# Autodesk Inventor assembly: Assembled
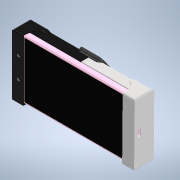
[picture p0: Inventor's stored thumbnail of the model, 180x180]
Saved by Autodesk Inventor 2020 (Build 240168000, 168)
## iProperties
Created: 2020-12-04
Part Number: Assembled
Document SubType Name: Assembly
Designer: Curtis
Author: Curtis
## Documents named in this file (10)
- D:\CAD\leeco-freon\Assembled-noEONpcb.iam
- D:\CAD\leeco-freon\heatsink.ipt
- D:\CAD\leeco-freon\leeco.ipt
- D:\CAD\leeco-freon\printed parts\28degree go pro mount.ipt
- D:\CAD\leeco-freon\printed parts\bottomclip.ipt
- D:\CAD\leeco-freon\printed parts\fanduct2.ipt
- D:\CAD\leeco-freon\printed parts\left.ipt
- D:\CAD\leeco-freon\printed parts\windshield mount.ipt
- D:\CAD\leeco-freon\noctua fan\NF-A4x10_Noctua_40mm.iam
- D:\CAD\leeco-freon\printed parts\right-noEONpcb.ipt
## Components (9 placed, 9 different names)
1. heatsink:1 — Mate:6, Flush:3, Mate:24
2. leeco:1 — Mate:4, Mate:6, Flush:3, Mate:8, Mate:22, Mate:23
3. 28degree go pro mount:1 — Mate:14, Mate:18, Mate:19, Mate:20
4. bottomclip:1 — Mate:16
5. fanduct2:1 — Mate:8, Mate:12, Mate:13
6. left:1 — Mate:4, Mate:14, Mate:16, Mate:24
7. windshield mount:1 — Mate:18, Mate:19, Mate:20
8. NF-A4x10_Noctua_40mm:1 [sub-assembly] — Mate:12, Mate:13
9. right-noEONpcb:1 — Mate:22, Mate:23
## Relationships (14: Mate 13, Flush 1)
- Mate:4: leeco:1 ↔ left:1
- Mate:6: heatsink:1 ↔ leeco:1
- Flush:3 (7 mm): heatsink:1 ↔ leeco:1
- Mate:8: leeco:1 ↔ fanduct2:1
- Mate:12: fanduct2:1 ↔ NF-A4x10_Noctua_40mm:1
- Mate:13: fanduct2:1 ↔ NF-A4x10_Noctua_40mm:1
- Mate:14: 28degree go pro mount:1 ↔ left:1
- Mate:16: bottomclip:1 ↔ left:1
- Mate:18: 28degree go pro mount:1 ↔ windshield mount:1
- Mate:19 (0.1 mm): 28degree go pro mount:1 ↔ windshield mount:1
- Mate:20: 28degree go pro mount:1 ↔ windshield mount:1
- Mate:22: leeco:1 ↔ right-noEONpcb:1
- Mate:23: leeco:1 ↔ right-noEONpcb:1
- Mate:24: heatsink:1 ↔ left:1
════════
PROBLEM DESCRIPTION:
For the listing above, say how many lines hold the string "printed". Give only that number.

YOUR SOLUTION:
6